Exercise brief: Reproduce the records below in full and without edits, omitting images.

Input for this task:
· · · · ·

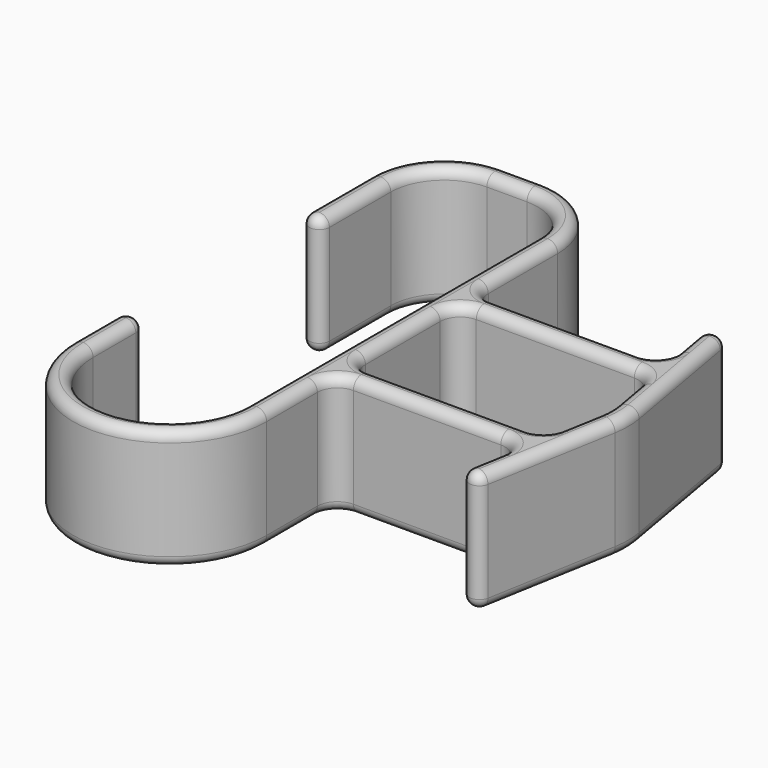
from build123d import *

# Parameters (mm, degrees)
F1_DEPTH = 18
F2_R     = 1.49999


# Not quite as in the source:
# - a fillet or chamfer is up to 0.001 mm smaller than in the source, because OpenCascade refuses the exact size


with BuildPart() as f1:
    # F0 (on Top) → F1 (new body)
    with BuildSketch(Plane.XY):
        with BuildLine():
            ThreePointArc((4, 29), (6.3431457505, 34.6568542495), (12, 37))
            Line((12, 37), (18, 37))
            ThreePointArc((18, 37), (23.6568542495, 34.6568542495), (26, 29))
            Line((26, 29), (26, -25.5))
            ThreePointArc((26, -25.5), (14.5, -37), (3, -25.5))
            Line((3, -25.5), (3, -17.5))
            ThreePointArc((3, -17.5), (1.5, -16), (0, -17.5))
            Line((0, -17.5), (0, -25.5))
            ThreePointArc((0, -25.5), (14.5, -40), (29, -25.5))
            Line((29, -25.5), (29, -16))
            ThreePointArc((29, -16), (29.8786796564, -13.8786796564), (32, -13))
            Line((32, -13), (54.0862086374, -13))
            ThreePointArc((54.0862086374, -13), (56.3843419667, -14.0716371709), (57.0406318964, -16.520944533))
            Line((57.0406318964, -16.520944533), (56.2086183674, -21.2395277335))
            ThreePointArc((56.2086183674, -21.2395277335), (57.4253577304, -22.9772116295), (59.1630416265, -21.7604722665))
            Line((59.1630416265, -21.7604722665), (62.6019548346, -2.2574263097))
            ThreePointArc((62.6019548346, -2.2574263097), (62.7994540455, 0), (62.6019548346, 2.2574263097))
            Line((62.6019548346, 2.2574263097), (59.1630416265, 21.7604722665))
            ThreePointArc((59.1630416265, 21.7604722665), (57.4253577304, 22.9772116295), (56.2086183674, 21.2395277335))
            Line((56.2086183674, 21.2395277335), (57.0406318964, 16.520944533))
            ThreePointArc((57.0406318964, 16.520944533), (56.3843419667, 14.0716371709), (54.0862086374, 13))
            Line((54.0862086374, 13), (32, 13))
            ThreePointArc((32, 13), (29.8786796564, 13.8786796564), (29, 16))
            Line((29, 16), (29, 29))
            ThreePointArc((29, 29), (25.7781745931, 36.7781745931), (18, 40))
            Line((18, 40), (12, 40))
            ThreePointArc((12, 40), (4.2218254069, 36.7781745931), (1, 29))
            Line((1, 29), (1, 17.5))
            ThreePointArc((1, 17.5), (2.5, 16), (4, 17.5))
            Line((4, 17.5), (4, 29))
        make_face()
        with BuildLine():
            ThreePointArc((29, 6.9999995083), (29.8786796564, 9.1213198518), (32, 9.9999995083))
            Line((32, 9.9999995083), (55.6731515504, 9.9999995083))
            ThreePointArc((55.6731515504, 9.9999995083), (57.6015143795, 9.2981328376), (58.6275748095, 7.5209440413))
            Line((58.6275748095, 7.5209440413), (59.6475315756, 1.7364817767))
            ThreePointArc((59.6475315756, 1.7364817767), (59.7994540455, 0), (59.6475315756, -1.7364817767))
            Line((59.6475315756, -1.7364817767), (58.6275748095, -7.5209440413))
            ThreePointArc((58.6275748095, -7.5209440413), (57.6015143795, -9.2981328376), (55.6731515504, -9.9999995083))
            Line((55.6731515504, -9.9999995083), (32, -9.9999995083))
            ThreePointArc((32, -9.9999995083), (29.8786796564, -9.1213198518), (29, -6.9999995083))
            Line((29, -6.9999995083), (29, 6.9999995083))
        make_face(mode=Mode.SUBTRACT)
    extrude(amount=F1_DEPTH)

    # F2 (radius 1.5 in the source; OpenCascade refuses exactly that, so slightly less here)
    f2_edges = [f1.edges().sort_by_distance(p)[0] for p in [
        (4, 23.25, 18),
        (29.87868, 9.12132, 18),
        (23.656854, 34.656854, 0),
        (43.836576, 10, 0),
    ]]
    fillet(f2_edges, radius=F2_R)


solid = f1.part

· · · · ·

Response area:
from build123d import *

# Parameters (mm, degrees)
F1_DEPTH = 18
F2_R     = 1.49999


# Not quite as in the source:
# - a fillet or chamfer is up to 0.001 mm smaller than in the source, because OpenCascade refuses the exact size


with BuildPart() as f1:
    # F0 (on Top) → F1 (new body)
    with BuildSketch(Plane.XY):
        with BuildLine():
            ThreePointArc((4, 29), (6.3431457505, 34.6568542495), (12, 37))
            Line((12, 37), (18, 37))
            ThreePointArc((18, 37), (23.6568542495, 34.6568542495), (26, 29))
            Line((26, 29), (26, -25.5))
            ThreePointArc((26, -25.5), (14.5, -37), (3, -25.5))
            Line((3, -25.5), (3, -17.5))
            ThreePointArc((3, -17.5), (1.5, -16), (0, -17.5))
            Line((0, -17.5), (0, -25.5))
            ThreePointArc((0, -25.5), (14.5, -40), (29, -25.5))
            Line((29, -25.5), (29, -16))
            ThreePointArc((29, -16), (29.8786796564, -13.8786796564), (32, -13))
            Line((32, -13), (54.0862086374, -13))
            ThreePointArc((54.0862086374, -13), (56.3843419667, -14.0716371709), (57.0406318964, -16.520944533))
            Line((57.0406318964, -16.520944533), (56.2086183674, -21.2395277335))
            ThreePointArc((56.2086183674, -21.2395277335), (57.4253577304, -22.9772116295), (59.1630416265, -21.7604722665))
            Line((59.1630416265, -21.7604722665), (62.6019548346, -2.2574263097))
            ThreePointArc((62.6019548346, -2.2574263097), (62.7994540455, 0), (62.6019548346, 2.2574263097))
            Line((62.6019548346, 2.2574263097), (59.1630416265, 21.7604722665))
            ThreePointArc((59.1630416265, 21.7604722665), (57.4253577304, 22.9772116295), (56.2086183674, 21.2395277335))
            Line((56.2086183674, 21.2395277335), (57.0406318964, 16.520944533))
            ThreePointArc((57.0406318964, 16.520944533), (56.3843419667, 14.0716371709), (54.0862086374, 13))
            Line((54.0862086374, 13), (32, 13))
            ThreePointArc((32, 13), (29.8786796564, 13.8786796564), (29, 16))
            Line((29, 16), (29, 29))
            ThreePointArc((29, 29), (25.7781745931, 36.7781745931), (18, 40))
            Line((18, 40), (12, 40))
            ThreePointArc((12, 40), (4.2218254069, 36.7781745931), (1, 29))
            Line((1, 29), (1, 17.5))
            ThreePointArc((1, 17.5), (2.5, 16), (4, 17.5))
            Line((4, 17.5), (4, 29))
        make_face()
        with BuildLine():
            ThreePointArc((29, 6.9999995083), (29.8786796564, 9.1213198518), (32, 9.9999995083))
            Line((32, 9.9999995083), (55.6731515504, 9.9999995083))
            ThreePointArc((55.6731515504, 9.9999995083), (57.6015143795, 9.2981328376), (58.6275748095, 7.5209440413))
            Line((58.6275748095, 7.5209440413), (59.6475315756, 1.7364817767))
            ThreePointArc((59.6475315756, 1.7364817767), (59.7994540455, 0), (59.6475315756, -1.7364817767))
            Line((59.6475315756, -1.7364817767), (58.6275748095, -7.5209440413))
            ThreePointArc((58.6275748095, -7.5209440413), (57.6015143795, -9.2981328376), (55.6731515504, -9.9999995083))
            Line((55.6731515504, -9.9999995083), (32, -9.9999995083))
            ThreePointArc((32, -9.9999995083), (29.8786796564, -9.1213198518), (29, -6.9999995083))
            Line((29, -6.9999995083), (29, 6.9999995083))
        make_face(mode=Mode.SUBTRACT)
    extrude(amount=F1_DEPTH)

    # F2 (radius 1.5 in the source; OpenCascade refuses exactly that, so slightly less here)
    f2_edges = [f1.edges().sort_by_distance(p)[0] for p in [
        (4, 23.25, 18),
        (29.87868, 9.12132, 18),
        (23.656854, 34.656854, 0),
        (43.836576, 10, 0),
    ]]
    fillet(f2_edges, radius=F2_R)


solid = f1.part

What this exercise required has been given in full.